*Task brief*
Show all lines below holding the string "dimension".
* * * *
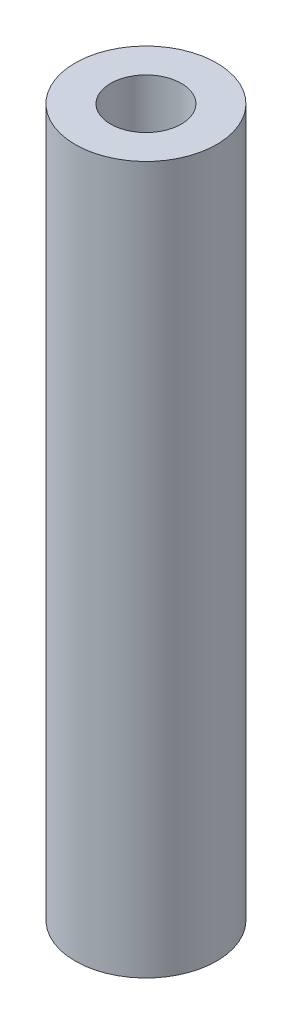
SolidWorks part; units mm, degrees
ref_plane "정면" through (0, 0, 0) normal (0, 0, 1) x (1, 0, 0)
ref_plane "윗면" through (0, 0, 0) normal (0, 1, 0) x (1, 0, 0)
ref_plane "우측면" through (0, 0, 0) normal (1, 0, 0) x (0, 0, -1)
sketch "스케치1" plane through (0, 0, 0) normal (0, 1, 0) x (1, 0, 0)
  circle A0 centre (0, 0) radius 3
  dimension "D1" = 6
extrude "보스-돌출1" add sketch "스케치1" along normal blind 30
sketch "스케치2" plane through (0, 30, 0) normal (0, 1, 0) x (1, 0, 0)
  circle A0 centre (0, 0) radius 1.5
  dimension "D1" = 3
extrude "컷-돌출1" cut sketch "스케치2" against normal blind 6
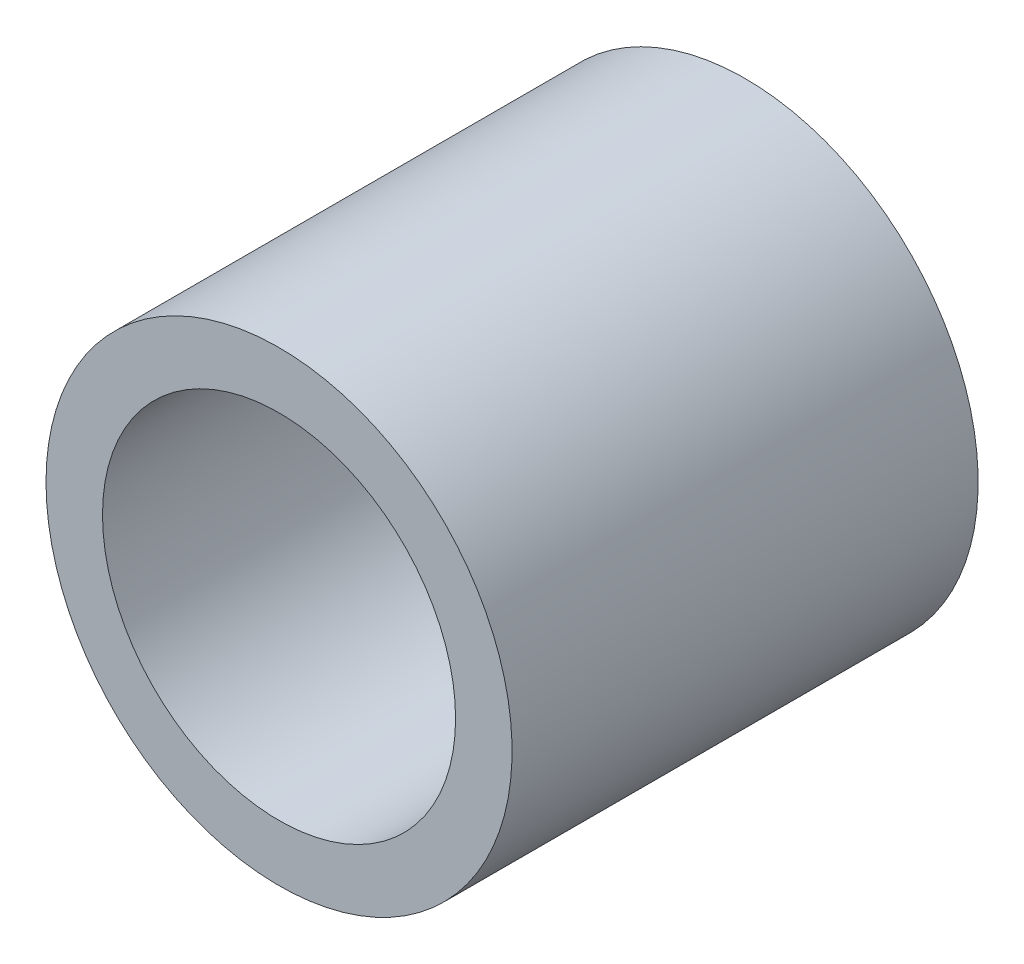
SolidWorks part; units mm, degrees
ref_plane "Front Plane" through (0, 0, 0) normal (0, 0, 1) x (1, 0, 0)
ref_plane "Top Plane" through (0, 0, 0) normal (0, 1, 0) x (1, 0, 0)
ref_plane "Right Plane" through (0, 0, 0) normal (1, 0, 0) x (0, 0, -1)
sketch "Sketch1" plane through (0, 0, 0) normal (0, 0, 1) x (1, 0, 0)
  circle A0 centre (0, 0) radius 4.95
  circle A1 centre (0, 0) radius 3.75
  dimension "D1" = 7.5
  dimension "D2" = 9.9
extrude "Boss-Extrude1" add sketch "Sketch1" along normal blind 9.9
* * * *
*Result*
  dimension "D1" = 6
  dimension "D1" = 3
  dimension "D1" = 7.5
  dimension "D2" = 9.9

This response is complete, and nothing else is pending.